I was accepted into an inaugural startup incubator that offers $20,000, mentorship, and office space (the usual benefits) in exchange for a percentage of the company. I am happy with the terms at a high level, but I honestly don't understand everything on the term sheet.<p>Is it worth it to hire a lawyer to look for anything that may inhibit future funding? Has anyone gone through this process? Specifically, I'd love to know what most startups do in this situation. I think most startups just trust the program, but since this is a brand new incubator, I think we are all learning together.
======
ActVen
Yes you should get a lawyer to help you understand it.
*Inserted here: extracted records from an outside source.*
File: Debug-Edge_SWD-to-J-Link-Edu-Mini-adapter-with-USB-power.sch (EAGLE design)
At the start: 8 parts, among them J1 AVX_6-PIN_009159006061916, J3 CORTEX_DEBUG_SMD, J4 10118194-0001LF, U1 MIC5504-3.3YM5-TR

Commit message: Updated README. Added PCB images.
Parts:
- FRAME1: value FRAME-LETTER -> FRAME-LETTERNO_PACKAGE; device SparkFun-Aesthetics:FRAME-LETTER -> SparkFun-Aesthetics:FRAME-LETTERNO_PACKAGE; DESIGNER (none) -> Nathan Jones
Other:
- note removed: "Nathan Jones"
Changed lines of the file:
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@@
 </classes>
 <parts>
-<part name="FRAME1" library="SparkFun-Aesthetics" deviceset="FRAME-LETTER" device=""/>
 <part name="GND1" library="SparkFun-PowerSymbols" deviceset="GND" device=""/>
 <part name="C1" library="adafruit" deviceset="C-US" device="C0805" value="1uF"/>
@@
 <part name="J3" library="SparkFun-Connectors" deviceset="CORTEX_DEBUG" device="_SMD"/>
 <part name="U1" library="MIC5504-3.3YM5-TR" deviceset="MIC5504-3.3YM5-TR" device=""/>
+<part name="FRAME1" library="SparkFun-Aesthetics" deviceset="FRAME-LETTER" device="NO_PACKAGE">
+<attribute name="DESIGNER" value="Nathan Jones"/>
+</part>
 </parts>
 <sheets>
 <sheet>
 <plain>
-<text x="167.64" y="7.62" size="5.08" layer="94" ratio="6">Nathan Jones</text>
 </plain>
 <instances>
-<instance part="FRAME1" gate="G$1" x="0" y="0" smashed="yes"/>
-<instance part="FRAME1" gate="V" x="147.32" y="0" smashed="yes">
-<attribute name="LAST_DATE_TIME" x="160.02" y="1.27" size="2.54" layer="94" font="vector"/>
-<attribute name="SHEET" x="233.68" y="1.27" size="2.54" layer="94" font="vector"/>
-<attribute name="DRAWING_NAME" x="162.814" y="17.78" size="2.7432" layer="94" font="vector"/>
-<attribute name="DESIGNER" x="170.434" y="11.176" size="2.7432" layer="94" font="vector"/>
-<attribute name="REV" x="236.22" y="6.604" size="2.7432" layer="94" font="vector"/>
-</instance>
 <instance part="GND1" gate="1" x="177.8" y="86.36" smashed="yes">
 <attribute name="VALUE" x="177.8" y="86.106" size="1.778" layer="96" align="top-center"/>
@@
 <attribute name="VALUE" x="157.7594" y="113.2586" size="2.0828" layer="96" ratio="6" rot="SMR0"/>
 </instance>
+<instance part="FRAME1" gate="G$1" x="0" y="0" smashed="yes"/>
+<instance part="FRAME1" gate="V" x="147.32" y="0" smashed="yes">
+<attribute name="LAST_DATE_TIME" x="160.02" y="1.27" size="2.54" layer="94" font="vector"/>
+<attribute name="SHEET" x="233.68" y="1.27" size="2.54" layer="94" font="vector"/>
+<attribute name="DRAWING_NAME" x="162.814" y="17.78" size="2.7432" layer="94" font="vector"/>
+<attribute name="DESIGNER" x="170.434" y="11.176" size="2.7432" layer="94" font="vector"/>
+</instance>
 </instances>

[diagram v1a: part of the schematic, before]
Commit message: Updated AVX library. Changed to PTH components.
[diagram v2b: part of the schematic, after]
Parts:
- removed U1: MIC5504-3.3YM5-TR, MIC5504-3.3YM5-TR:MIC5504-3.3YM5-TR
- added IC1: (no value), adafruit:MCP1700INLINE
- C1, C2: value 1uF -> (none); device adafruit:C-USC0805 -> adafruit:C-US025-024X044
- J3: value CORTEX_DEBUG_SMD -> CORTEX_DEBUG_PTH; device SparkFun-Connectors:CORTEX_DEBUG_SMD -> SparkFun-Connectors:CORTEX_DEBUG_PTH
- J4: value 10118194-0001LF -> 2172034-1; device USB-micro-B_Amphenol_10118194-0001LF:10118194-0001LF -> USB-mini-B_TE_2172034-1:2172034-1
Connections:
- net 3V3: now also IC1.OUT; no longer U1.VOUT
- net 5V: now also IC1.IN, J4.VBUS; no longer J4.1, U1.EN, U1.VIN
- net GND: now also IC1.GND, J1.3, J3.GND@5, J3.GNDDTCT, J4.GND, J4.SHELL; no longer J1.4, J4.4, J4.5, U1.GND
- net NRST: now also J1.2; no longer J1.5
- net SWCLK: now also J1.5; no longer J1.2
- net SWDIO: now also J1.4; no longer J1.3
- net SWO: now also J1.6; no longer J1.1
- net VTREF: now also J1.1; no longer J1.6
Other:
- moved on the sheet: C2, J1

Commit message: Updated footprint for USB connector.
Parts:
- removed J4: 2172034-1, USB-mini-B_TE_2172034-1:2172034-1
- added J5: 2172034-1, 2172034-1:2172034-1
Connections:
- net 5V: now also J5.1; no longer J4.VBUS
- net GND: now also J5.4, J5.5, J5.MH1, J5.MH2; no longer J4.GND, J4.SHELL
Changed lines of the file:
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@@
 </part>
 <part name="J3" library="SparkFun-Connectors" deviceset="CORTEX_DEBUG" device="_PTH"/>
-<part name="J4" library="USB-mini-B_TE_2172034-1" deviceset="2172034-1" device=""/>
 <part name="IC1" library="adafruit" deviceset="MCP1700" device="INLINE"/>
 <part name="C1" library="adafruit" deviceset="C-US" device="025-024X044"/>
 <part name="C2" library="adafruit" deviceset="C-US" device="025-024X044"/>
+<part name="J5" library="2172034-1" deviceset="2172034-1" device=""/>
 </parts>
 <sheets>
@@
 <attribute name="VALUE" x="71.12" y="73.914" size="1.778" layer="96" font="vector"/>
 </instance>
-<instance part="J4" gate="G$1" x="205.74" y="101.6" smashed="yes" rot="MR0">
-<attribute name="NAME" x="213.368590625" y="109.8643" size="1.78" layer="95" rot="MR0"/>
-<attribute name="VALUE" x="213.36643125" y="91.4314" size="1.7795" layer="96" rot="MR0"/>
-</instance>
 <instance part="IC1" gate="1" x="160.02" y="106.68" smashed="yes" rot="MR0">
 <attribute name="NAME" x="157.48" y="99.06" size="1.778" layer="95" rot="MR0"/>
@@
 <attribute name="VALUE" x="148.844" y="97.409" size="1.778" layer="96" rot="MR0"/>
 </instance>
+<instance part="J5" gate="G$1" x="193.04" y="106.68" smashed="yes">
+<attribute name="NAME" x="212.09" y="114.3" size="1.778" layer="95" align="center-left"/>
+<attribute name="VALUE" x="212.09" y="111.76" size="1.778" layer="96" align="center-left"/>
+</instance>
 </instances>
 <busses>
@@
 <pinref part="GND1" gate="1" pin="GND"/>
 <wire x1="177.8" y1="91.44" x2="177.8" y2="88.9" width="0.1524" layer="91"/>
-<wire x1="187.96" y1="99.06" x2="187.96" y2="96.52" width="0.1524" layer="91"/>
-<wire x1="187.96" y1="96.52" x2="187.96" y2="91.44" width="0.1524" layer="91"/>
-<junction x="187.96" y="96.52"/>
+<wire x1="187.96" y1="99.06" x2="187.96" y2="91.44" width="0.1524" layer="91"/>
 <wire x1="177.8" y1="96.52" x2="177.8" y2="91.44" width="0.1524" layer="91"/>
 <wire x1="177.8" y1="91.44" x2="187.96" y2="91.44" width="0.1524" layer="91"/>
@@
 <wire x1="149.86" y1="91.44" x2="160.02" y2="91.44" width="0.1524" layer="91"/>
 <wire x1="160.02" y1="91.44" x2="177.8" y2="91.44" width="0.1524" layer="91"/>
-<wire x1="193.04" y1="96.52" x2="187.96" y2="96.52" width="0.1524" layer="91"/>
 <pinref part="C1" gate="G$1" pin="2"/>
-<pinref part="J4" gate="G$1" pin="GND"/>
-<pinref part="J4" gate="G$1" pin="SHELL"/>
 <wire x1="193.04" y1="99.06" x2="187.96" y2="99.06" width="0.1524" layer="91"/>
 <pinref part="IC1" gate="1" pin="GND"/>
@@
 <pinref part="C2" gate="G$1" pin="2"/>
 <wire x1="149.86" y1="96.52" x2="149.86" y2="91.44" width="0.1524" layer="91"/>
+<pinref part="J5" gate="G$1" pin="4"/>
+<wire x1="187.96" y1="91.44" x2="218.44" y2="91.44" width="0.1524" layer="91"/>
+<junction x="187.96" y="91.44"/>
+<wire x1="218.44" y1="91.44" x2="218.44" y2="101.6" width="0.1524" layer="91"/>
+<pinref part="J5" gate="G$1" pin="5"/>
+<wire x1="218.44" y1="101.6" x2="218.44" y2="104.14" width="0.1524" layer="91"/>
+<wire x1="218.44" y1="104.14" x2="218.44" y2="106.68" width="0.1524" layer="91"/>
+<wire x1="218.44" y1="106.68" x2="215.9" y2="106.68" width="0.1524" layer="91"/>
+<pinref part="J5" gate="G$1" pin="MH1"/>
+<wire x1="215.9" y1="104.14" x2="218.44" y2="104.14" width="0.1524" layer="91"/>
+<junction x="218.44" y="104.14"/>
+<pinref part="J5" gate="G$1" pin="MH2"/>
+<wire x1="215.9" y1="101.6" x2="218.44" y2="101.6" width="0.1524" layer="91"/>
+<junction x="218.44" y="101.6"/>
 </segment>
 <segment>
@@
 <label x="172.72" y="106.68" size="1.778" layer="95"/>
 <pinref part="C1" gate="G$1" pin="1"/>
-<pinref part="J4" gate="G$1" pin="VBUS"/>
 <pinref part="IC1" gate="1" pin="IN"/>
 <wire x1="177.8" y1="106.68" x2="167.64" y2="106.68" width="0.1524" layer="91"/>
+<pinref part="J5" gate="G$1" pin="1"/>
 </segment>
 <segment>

However, try to get a
recommendation from someone you trust and then give specific instructions to
the lawyer. Tell the lawyer you want to have them review the contract with you
in the room and explain what the various terms mean. This will help you learn
about some of the topics and see if it is a lawyer with which you might want
to build a relationship with for future business dealings. Spending a few
hundred dollars on this type of activity will greatly benefit you in the long
run.

------
briandoll
I can't help but think that anytime you think you _might_ need a lawyer, you
probably do. Personally, I'd get a lawyer to review the contract just so I
understood exactly what I'm getting myself into, even if the incubator had
been around for ages.

I'll also toss out a personal recommendation for Gabe Levine, who has a blog
online about lawyering for makers: <http://mylawyergabe.com/>

------
aquark
If there are multiple start-ups being accepted at once into the incubator, and
if the terms are identical then maybe you can pool resources to talk to a
lawyer and amortize the cost.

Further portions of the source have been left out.